Exercise details: Report every line of the listing below in which the string "feffff" occurs.

Data in this exercise:

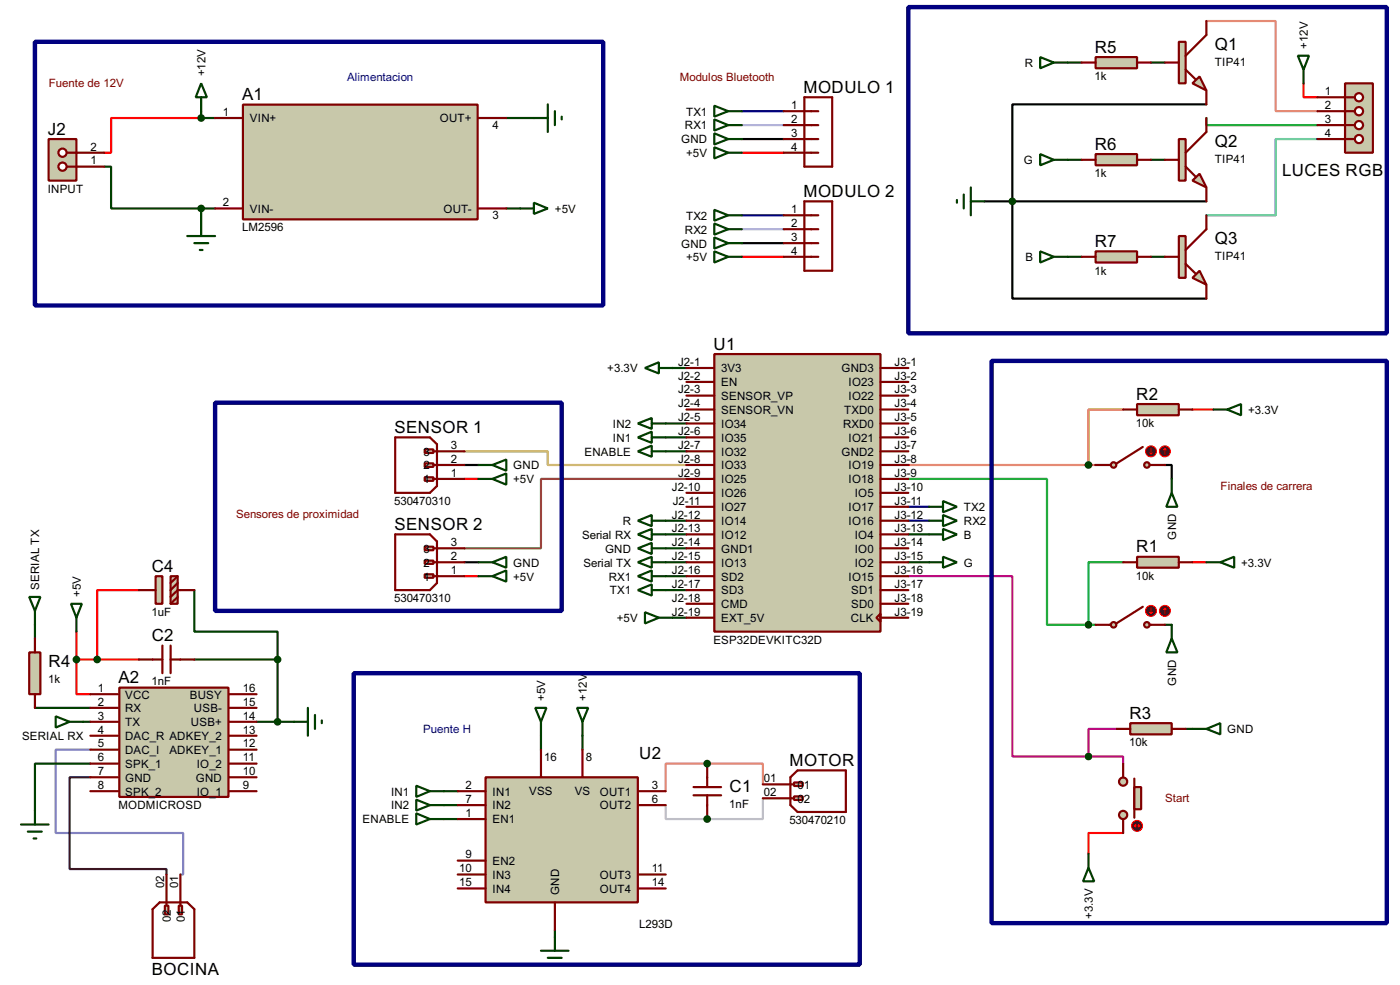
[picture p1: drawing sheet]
<svg xmlns="http://www.w3.org/2000/svg" width="256mm" height="180mm" viewBox="0 0 256 180" stroke-linecap="round" stroke-linejoin="round" font-family="sans-serif">
<path d="M36.9 20.4v1.2h2.5M92.8 38.2h2.5M92.8 21.6h5M99.1 134.7v2.5M106.7 134.7v2.5M101.7 170.2v1.3" fill="none" stroke="#004000" stroke-width=".4"/>
<path d="M36.9 21.6h-16.5v6.4h-1.3M85.1 87.7h2.6M85.1 105.5h2.6" fill="none" stroke="#f00" stroke-width=".4"/>
<path d="M16.6 137.2h-6.4v15.3h23.4v7.6h-.5" fill="none" stroke="#8080c0" stroke-width=".4"/>
<path d="M16.6 142.3h-3.8v16.8h17.7v1" fill="none" stroke="#400040" stroke-width=".4"/>
<path d="M85.1 85.1h2.6M85.1 102.9h2.6" fill="none" stroke="#000" stroke-width=".4"/>
<path d="M129.6 139.8h10.2v3.8" fill="none" stroke="#ff8080" stroke-width=".4"/>
<circle cx="129.6" cy="139.8" r=".2" fill="#004000"/>
<path d="M129.6 139.8h-7.6v5" fill="none" stroke="#ff8080" stroke-width=".4"/>
<path d="M139.8 146.1v3.8h-10.2" fill="none" stroke="#c0c0c0" stroke-width=".4"/>
<circle cx="129.6" cy="149.9" r=".2" fill="#004000"/>
<path d="M122 147.4v2.5h7.6" fill="none" stroke="#c0c0c0" stroke-width=".4"/>
<path d="M238.8 15.3v2.5h2.6M135.9 28h7.7M135.9 47h7.7M218.5 75h3.8M14 115.6v5.1M25.5 108h-7.7v12.7M218.5 102.9h2.5M14 120.7v6.4h2.6M14 120.7h11.5M205.8 152.5h-6.4v3.8" fill="none" stroke="#f00" stroke-width=".4"/>
<g fill="none" stroke="#004000" stroke-width=".4">
<path d="M195.6 11.5h2.6M210.9 11.5h2.5M19.1 30.5h1.3v7.7h16.5M36.9 38.2h2.5M36.9 38.2v2.5M195.6 29.3h2.6M210.9 29.3h2.5M195.6 47h2.6M210.9 47h2.5M122 77.5h3.8M123.2 67.4h2.6M122 80.1h3.8"/>
<path d="M122 82.6h3.8M122 97.8h3.8M122 95.3h3.8M166.4 97.8h3.8M6.4 114.4v2.5M35.6 108v7.6h15.3v5.1M122 100.4h3.8M122 105.5h3.8M122 108h3.8M122 102.9h3.8M123.2 113.1h2.6M166.4 102.9h3.8"/>
<path d="M213.4 114.4h1.3M6.4 129.6h10.2M15.3 132.1h1.3M16.6 139.8h-10.2v8.6M35.6 120.7h15.3M47 132.1h6.9M50.9 120.7v11.4M217.2 133.4h1.3M81.3 144.8h2.6M81.3 147.4h2.6M81.3 149.9h2.6"/>
</g>
<path d="M221 19.1h-35.5v35.6h35.5M135.9 25.5h7.7M180.4 36.9h40.6M135.9 44.5h7.7M213.4 85.1h1.3v2.6" fill="none" stroke="#000" stroke-width=".4"/>
<path d="M135.9 20.4h7.7M135.9 39.4h7.7M166.4 95.3h3.8M166.4 92.8h3.8" fill="none" stroke="#000080" stroke-width=".4"/>
<path d="M135.9 22.9h7.7" fill="none" stroke="#82c0ff" stroke-width=".4"/>
<path d="M125.8 87.7h-26.7v12.7h-14" fill="none" stroke="#808000" stroke-width=".4"/>
<path d="M85.1 82.6h15.3v2.5h25.4" fill="none" stroke="#c0c000" stroke-width=".4"/>
<path d="M221 21.6v1.3h20.4M166.4 87.7h25.4v26.7h7.6M199.4 114.4h1.3M205.8 102.9h-6.4v11.5" fill="none" stroke="#00c000" stroke-width=".4"/>
<path d="M205.8 75h-6.4v10.1M166.4 85.1h34.3" fill="none" stroke="#ff8000" stroke-width=".4"/>
<path d="M135.9 42h7.7" fill="none" stroke="#84c1ff" stroke-width=".4"/>
<path d="M221 3.9h12.7v16.5h7.7" fill="none" stroke="#ff8080" stroke-width=".4"/>
<path d="M241.4 25.5h-7.7v13.9h-12.7" fill="none" stroke="#00c0c0" stroke-width=".4"/>
<path d="M166.4 105.5h19.1v33h13.9M199.4 138.5h6.4v1.3M204.5 133.4h-5.1v5.1" fill="none" stroke="#c000c0" stroke-width=".4"/>
<path d="M89 142.3h27.9v22.9h-27.9z" fill="#c8c8aa" stroke="#800000" stroke-width=".4"/>
<g fill="none" stroke="#800000" stroke-width=".4">
<path d="M99.1 137.2v5.1M106.7 137.2v5.1M83.9 144.8h5.1M83.9 147.4h5.1M83.9 149.9h5.1M83.9 157.5h5.1M116.9 144.8h5.1M116.9 147.4h5.1M83.9 160.1h5.1M83.9 162.6h5.1M101.7 165.2v5M116.9 160.1h5.1"/>
<path d="M116.9 162.6h5.1"/>
</g>
<path d="M8.9 25.5h5.1v7.6h-5.1z" fill="#c8c8aa" stroke="#800000" stroke-width=".4"/>
<path d="M12.2 30.5h1.8" fill="none" stroke="#800000" stroke-width=".4"/>
<circle cx="11.4" cy="30.5" r=".75" fill="#feffff" stroke="#800000" stroke-width=".4"/>
<path d="M12.2 28h1.8" fill="none" stroke="#800000" stroke-width=".4"/>
<circle cx="11.4" cy="28" r=".75" fill="#feffff" stroke="#800000" stroke-width=".4"/>
<path d="M14 30.5h5.1M14 28h5.1" fill="none" stroke="#800000" stroke-width=".4"/>
<path d="M246.4 15.3h5.1v12.7h-5.1z" fill="#c8c8aa" stroke="#800000" stroke-width=".4"/>
<path d="M246.4 17.8h1.8" fill="none" stroke="#800000" stroke-width=".4"/>
<circle cx="248.9" cy="17.8" r=".75" fill="#feffff" stroke="#800000" stroke-width=".4"/>
<path d="M246.4 20.4h1.8" fill="none" stroke="#800000" stroke-width=".4"/>
<circle cx="248.9" cy="20.4" r=".75" fill="#feffff" stroke="#800000" stroke-width=".4"/>
<path d="M246.4 22.9h1.8" fill="none" stroke="#800000" stroke-width=".4"/>
<circle cx="248.9" cy="22.9" r=".75" fill="#feffff" stroke="#800000" stroke-width=".4"/>
<path d="M246.4 25.5h1.8" fill="none" stroke="#800000" stroke-width=".4"/>
<circle cx="248.9" cy="25.5" r=".75" fill="#feffff" stroke="#800000" stroke-width=".4"/>
<path d="M241.4 17.8h5M241.4 20.4h5M241.4 22.9h5M241.4 25.5h5" fill="none" stroke="#800000" stroke-width=".4"/>
<path d="M44.5 19.2h43v21h-43z" fill="#c8c8aa" stroke="#800000" stroke-width=".4"/>
<g fill="none" stroke="#800000" stroke-width=".4">
<path d="M147.4 17.8h5.1v12.7h-5.1zM39.4 21.6h5.1M39.4 38.2h5.1M87.7 21.6h5.1M87.7 38.2h5.1M143.6 20.4h6.3M143.6 22.9h6.3M143.6 25.5h6.3M143.6 28h6.3M143.6 39.4h6.3M147.4 36.9h5.1v12.7h-5.1zM143.6 42h6.3"/>
<path d="M143.6 44.5h6.3M143.6 47h6.3M144.8 143.6h1.9"/>
</g>
<path d="M100.4 19.1v5.1M95.3 38.2h2.5M97.8 37.1l2.6 1.1-2.6 1zM97.8 21.6h2.6M101.7 20.4v2.5M102.9 21.4v.5M118.2 112.1l2.5 1-2.5 1zM120.7 113.1h2.5" fill="none" stroke="#004000" stroke-width=".4"/>
<path d="M145.5 143.2h1.6v.7h-1.6z" fill="#c8c8aa" stroke="#800000" stroke-width=".4"/>
<path d="M144.8 146.1h1.9" fill="none" stroke="#800000" stroke-width=".4"/>
<path d="M145.5 145.8h1.6v.6h-1.6z" fill="#c8c8aa" stroke="#800000" stroke-width=".4"/>
<path d="M78.2 87.7h1.9M80.1 81.3l-1.3-1.2h-6.4v10.1h6.4l1.3-1.2M139.8 143.6h5M139.8 146.1h5M144.8 142.3l1.3-1.3h8.9v7.6h-8.9l-1.3-1.2z" fill="none" stroke="#800000" stroke-width=".4"/>
<path d="M77.8 87.4h1.6v.6h-1.6z" fill="#c8c8aa" stroke="#800000" stroke-width=".4"/>
<path d="M78.2 85.1h1.9" fill="none" stroke="#800000" stroke-width=".4"/>
<path d="M77.8 84.8h1.6v.7h-1.6z" fill="#c8c8aa" stroke="#800000" stroke-width=".4"/>
<path d="M78.2 82.6h1.9M80.1 81.3v7.7" fill="none" stroke="#800000" stroke-width=".4"/>
<path d="M77.8 82.3h1.6v.6h-1.6z" fill="#c8c8aa" stroke="#800000" stroke-width=".4"/>
<path d="M80.1 87.7h5M80.1 85.1h5M80.1 82.6h5M80.1 99.1l-1.3-1.3h-6.4v10.2h6.4l1.3-1.3M78.2 105.5h1.9" fill="none" stroke="#800000" stroke-width=".4"/>
<path d="M77.8 105.1h1.6v.7h-1.6z" fill="#c8c8aa" stroke="#800000" stroke-width=".4"/>
<path d="M78.2 102.9h1.9" fill="none" stroke="#800000" stroke-width=".4"/>
<path d="M77.8 102.6h1.6v.6h-1.6z" fill="#c8c8aa" stroke="#800000" stroke-width=".4"/>
<path d="M80.1 99.1v7.6M78.2 100.4h1.9" fill="none" stroke="#800000" stroke-width=".4"/>
<path d="M77.8 100.1h1.6v.6h-1.6z" fill="#c8c8aa" stroke="#800000" stroke-width=".4"/>
<path d="M80.1 105.5h5M80.1 102.9h5M80.1 100.4h5" fill="none" stroke="#800000" stroke-width=".4"/>
<path d="M36.9 15.3l1 2.5h-2zM36.9 17.8v2.6M98.1 129.6h2l-1 2.5zM99.1 132.1v2.6M105.7 129.6h2.1l-1.1 2.5zM106.7 132.1v2.6M99.1 174h5.1M100.4 175.3h2.5M101.4 176.6h.5M101.7 171.5v2.5" fill="none" stroke="#004000" stroke-width=".4"/>
<circle cx="36.8" cy="21.6" r=".5" fill="#004000" stroke="#004000" stroke-width=".4"/>
<path d="M21.9 125.9h20v20h-20z" fill="#c8c8aa" stroke="#800000" stroke-width=".4"/>
<g fill="none" stroke="#800000" stroke-width=".4">
<path d="M16.6 127.1h5M16.6 129.6h5M16.6 132.1h5M16.6 134.7h5M16.6 137.2h5M16.6 139.8h5M42 127.1h5M42 129.6h5M42 132.1h5M42 134.7h5M42 137.2h5M42 139.8h5"/>
<path d="M16.6 142.3h5M16.6 144.8h5M42 142.3h5M42 144.8h5M33.1 165.2v1.9"/>
</g>
<path d="M3.9 150.9h5M5.1 152.2h2.6M6.2 153.5h.5M6.4 148.4v2.5" fill="none" stroke="#004000" stroke-width=".4"/>
<path d="M32.8 165.8h.6v1.6h-.6z" fill="#c8c8aa" stroke="#800000" stroke-width=".4"/>
<path d="M30.5 165.2v1.9" fill="none" stroke="#800000" stroke-width=".4"/>
<path d="M30.2 165.8h.7v1.6h-.7z" fill="#c8c8aa" stroke="#800000" stroke-width=".4"/>
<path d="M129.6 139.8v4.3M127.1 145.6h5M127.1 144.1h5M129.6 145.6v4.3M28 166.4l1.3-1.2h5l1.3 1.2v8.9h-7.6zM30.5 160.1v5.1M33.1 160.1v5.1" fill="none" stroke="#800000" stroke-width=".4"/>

Answer space:
<circle cx="11.4" cy="30.5" r=".75" fill="#feffff" stroke="#800000" stroke-width=".4"/>
<circle cx="11.4" cy="28" r=".75" fill="#feffff" stroke="#800000" stroke-width=".4"/>
<circle cx="248.9" cy="17.8" r=".75" fill="#feffff" stroke="#800000" stroke-width=".4"/>
<circle cx="248.9" cy="20.4" r=".75" fill="#feffff" stroke="#800000" stroke-width=".4"/>
<circle cx="248.9" cy="22.9" r=".75" fill="#feffff" stroke="#800000" stroke-width=".4"/>
<circle cx="248.9" cy="25.5" r=".75" fill="#feffff" stroke="#800000" stroke-width=".4"/>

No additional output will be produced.